I have lived in Cincinnati for close to 13 years and I’ve never been on a Metro bus. For the last few months I’ve been thinking about this fact, and it bothers me because I’m not sure where the problem lies. Is it Cincinnati or me?
As I’ve mentioned before, I’m originally from Asheville, N.C., back when it was a far less enlightened destination. Thirty years ago, no one would have ever imagined the alternative global haven of today. But that’s where I learned my first set of lessons about public transportation.
My grandmother worked as a domestic, so at least three days a week, especially during the summers when I was too young to go traipsing off on my own, she woke me up early, made sure I was fed and properly dressed and took me to work with her. That meant waiting at the bus stop with other women, like my Nana, proud and pressed, eager to shake my hand and talk with her about their families and the coming day. I remember the ladies and gents, mostly black folks, who smiled and nodded at me as we stepped on the bus and searched for seats. I was a quiet kid, so it was natural to just sit back and study the other riders; it made the trip fly by.
We would arrive downtown and transfer to another bus that would take us away from the downtown park and business district, such as it was (a few local banks and old shopping favorites like Woolworth and JC Penney). There were more hands to shake, more faces, still largely black, and unspoken divisions. The few white folks never went out of their way to speak to my grandmother. They didn’t smile or reach out to shake my hand. I wouldn’t have said it this way at the time, but in hindsight I realize that I was invisible to them in exactly the way Ralph Ellison wrote about. This was a time before the explosion of urban violence, the rise of Hip Hop and baggy jeans, and this was a firmly Southern town.
The bus boycott was an episode no one would have mentioned.
Assassinations. Civil Rights. The Black Panthers. None of these topics mattered in the park or on these buses. Everybody just kept their heads down and went about their business, stuck to their own. Public transportation made all this possible in those not-quite post-Civil Rights days.
Buses hold a significant place in my memories, despite the fact that we also had a car, and as I got older I ended up hanging out with friends who either saved up to buy their own first cars or borrowed family cars for weekend excursions.
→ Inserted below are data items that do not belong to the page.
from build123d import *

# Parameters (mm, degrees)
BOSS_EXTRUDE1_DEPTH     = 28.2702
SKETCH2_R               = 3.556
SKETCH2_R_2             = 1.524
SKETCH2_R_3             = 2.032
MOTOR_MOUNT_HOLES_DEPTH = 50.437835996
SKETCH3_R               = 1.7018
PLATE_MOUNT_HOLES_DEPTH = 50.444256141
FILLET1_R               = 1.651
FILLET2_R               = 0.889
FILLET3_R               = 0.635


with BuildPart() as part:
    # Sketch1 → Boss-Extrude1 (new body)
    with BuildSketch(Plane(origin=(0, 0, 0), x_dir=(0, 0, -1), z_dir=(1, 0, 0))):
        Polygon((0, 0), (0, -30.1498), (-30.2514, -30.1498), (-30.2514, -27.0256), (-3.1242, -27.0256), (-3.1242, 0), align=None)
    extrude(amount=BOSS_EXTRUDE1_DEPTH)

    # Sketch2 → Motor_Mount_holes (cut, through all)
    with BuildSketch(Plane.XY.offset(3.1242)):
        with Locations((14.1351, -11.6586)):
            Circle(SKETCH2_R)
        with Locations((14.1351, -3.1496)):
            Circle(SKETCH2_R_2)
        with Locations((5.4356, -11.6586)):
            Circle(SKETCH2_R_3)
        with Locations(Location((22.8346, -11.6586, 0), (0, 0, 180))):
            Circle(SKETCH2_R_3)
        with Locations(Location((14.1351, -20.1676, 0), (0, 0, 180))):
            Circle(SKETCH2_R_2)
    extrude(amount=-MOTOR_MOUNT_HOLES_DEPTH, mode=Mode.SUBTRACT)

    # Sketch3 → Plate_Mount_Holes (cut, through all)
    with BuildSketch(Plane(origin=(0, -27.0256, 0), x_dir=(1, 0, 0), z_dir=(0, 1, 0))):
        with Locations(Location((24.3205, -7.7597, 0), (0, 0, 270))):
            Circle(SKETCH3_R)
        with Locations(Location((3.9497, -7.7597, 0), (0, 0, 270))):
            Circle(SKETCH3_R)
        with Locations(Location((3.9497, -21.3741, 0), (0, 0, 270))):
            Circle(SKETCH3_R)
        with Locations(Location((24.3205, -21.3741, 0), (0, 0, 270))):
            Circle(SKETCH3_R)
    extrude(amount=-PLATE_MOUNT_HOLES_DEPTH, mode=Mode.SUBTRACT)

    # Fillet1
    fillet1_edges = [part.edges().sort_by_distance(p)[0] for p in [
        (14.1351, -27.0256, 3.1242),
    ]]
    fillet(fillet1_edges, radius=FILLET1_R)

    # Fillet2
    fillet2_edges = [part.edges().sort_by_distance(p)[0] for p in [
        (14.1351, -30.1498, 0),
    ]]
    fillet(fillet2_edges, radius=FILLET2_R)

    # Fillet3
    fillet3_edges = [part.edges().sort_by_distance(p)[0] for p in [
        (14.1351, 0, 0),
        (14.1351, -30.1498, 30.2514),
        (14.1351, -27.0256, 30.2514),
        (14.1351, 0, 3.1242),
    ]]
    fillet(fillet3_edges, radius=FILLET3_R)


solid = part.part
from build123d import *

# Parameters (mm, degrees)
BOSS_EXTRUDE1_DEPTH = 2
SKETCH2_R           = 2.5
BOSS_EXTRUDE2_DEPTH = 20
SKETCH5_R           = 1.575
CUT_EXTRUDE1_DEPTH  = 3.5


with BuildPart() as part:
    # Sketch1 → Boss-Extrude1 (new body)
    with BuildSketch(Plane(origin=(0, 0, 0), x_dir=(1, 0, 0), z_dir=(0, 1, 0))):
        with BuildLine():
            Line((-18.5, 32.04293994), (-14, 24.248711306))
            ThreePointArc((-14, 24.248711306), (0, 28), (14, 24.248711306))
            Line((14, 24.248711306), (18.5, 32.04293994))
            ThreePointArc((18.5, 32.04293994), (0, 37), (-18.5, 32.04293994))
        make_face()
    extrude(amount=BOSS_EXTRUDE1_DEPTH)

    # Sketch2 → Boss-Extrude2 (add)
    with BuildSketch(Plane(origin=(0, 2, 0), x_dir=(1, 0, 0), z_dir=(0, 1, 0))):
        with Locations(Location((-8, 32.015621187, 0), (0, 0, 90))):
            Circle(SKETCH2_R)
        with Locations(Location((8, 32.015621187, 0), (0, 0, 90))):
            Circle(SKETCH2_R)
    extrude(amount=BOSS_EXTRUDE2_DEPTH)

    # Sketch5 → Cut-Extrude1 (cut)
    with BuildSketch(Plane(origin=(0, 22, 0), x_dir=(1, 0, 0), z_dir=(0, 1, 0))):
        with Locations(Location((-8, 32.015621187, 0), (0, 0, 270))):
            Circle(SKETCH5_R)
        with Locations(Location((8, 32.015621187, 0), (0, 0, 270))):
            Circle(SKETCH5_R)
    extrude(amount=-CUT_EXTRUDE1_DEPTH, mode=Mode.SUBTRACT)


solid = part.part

Between those days with my grandmother and my teenage years, the bus granted me my first taste of freedom. The bus was about getting into the center of our little city, down to Malaprops, our first independent bookstore (which is still going strong, and in fact remains one of those hotspots for writers who hit the road for book tours), the public library, St. Lawrence Catholic Church (now a basilica), where I served as an altar boy until I left at 16 for prep school.
Now, during my trips back home, I no longer ride the bus. Of course, downtown Asheville has changed. The park and the business district have evolved. The buses no longer maintain the same open depot because downtown is a walking village, full of trendy green restaurants and globally focused markets and shops. Malaprops and St. Lawrence are still there, but the people, the black folks that used to congregate and wait for buses to take them to work, they aren’t there anymore.
It’s a complicated situation, public transportation, particularly in urban areas struggling with their urbanity. I’m intrigued by an op-ed I saw Feb. 11 in the New York Daily News by urbanist Richard Florida, who argues that if President Obama wants to create a meaningful legacy during his second term he should consider setting up a Department of Cities. Drawing from various established Cabinet-level departments (Housing and Urban Development, Energy, Education, Commerce, Interior and Transportation), the Cities position would allow for a sharper focus of discussion and implementation and should be spearheaded by a real visionary who has a proven record of changing urban landscapes. (Think Pennsylvania Gov. Ed Rendell or New York City Mayor Michael Bloomberg.)
I’m already sold on the idea and not at all because of the names being bandied about or the wonky policy and data points that Florida outlined in his proposal (which sadly will probably never happen). No, for me, this is an idea that could re-establish and mobilize communities across the country. It could set the stage for a generation of American urban dwellers to emerge with their own stories/memories to hand down to those that follow them. I firmly believe that all the fears about the changing face and demographics of America are rooted in an unspoken concern about America’s shift back to cities, away from the rural heartland of Middle America.
We need to address the fears, plain and simple and right now. There’s no need to leave anyone behind. And it’s time for me to get my butt back on the bus again. Let’s ride.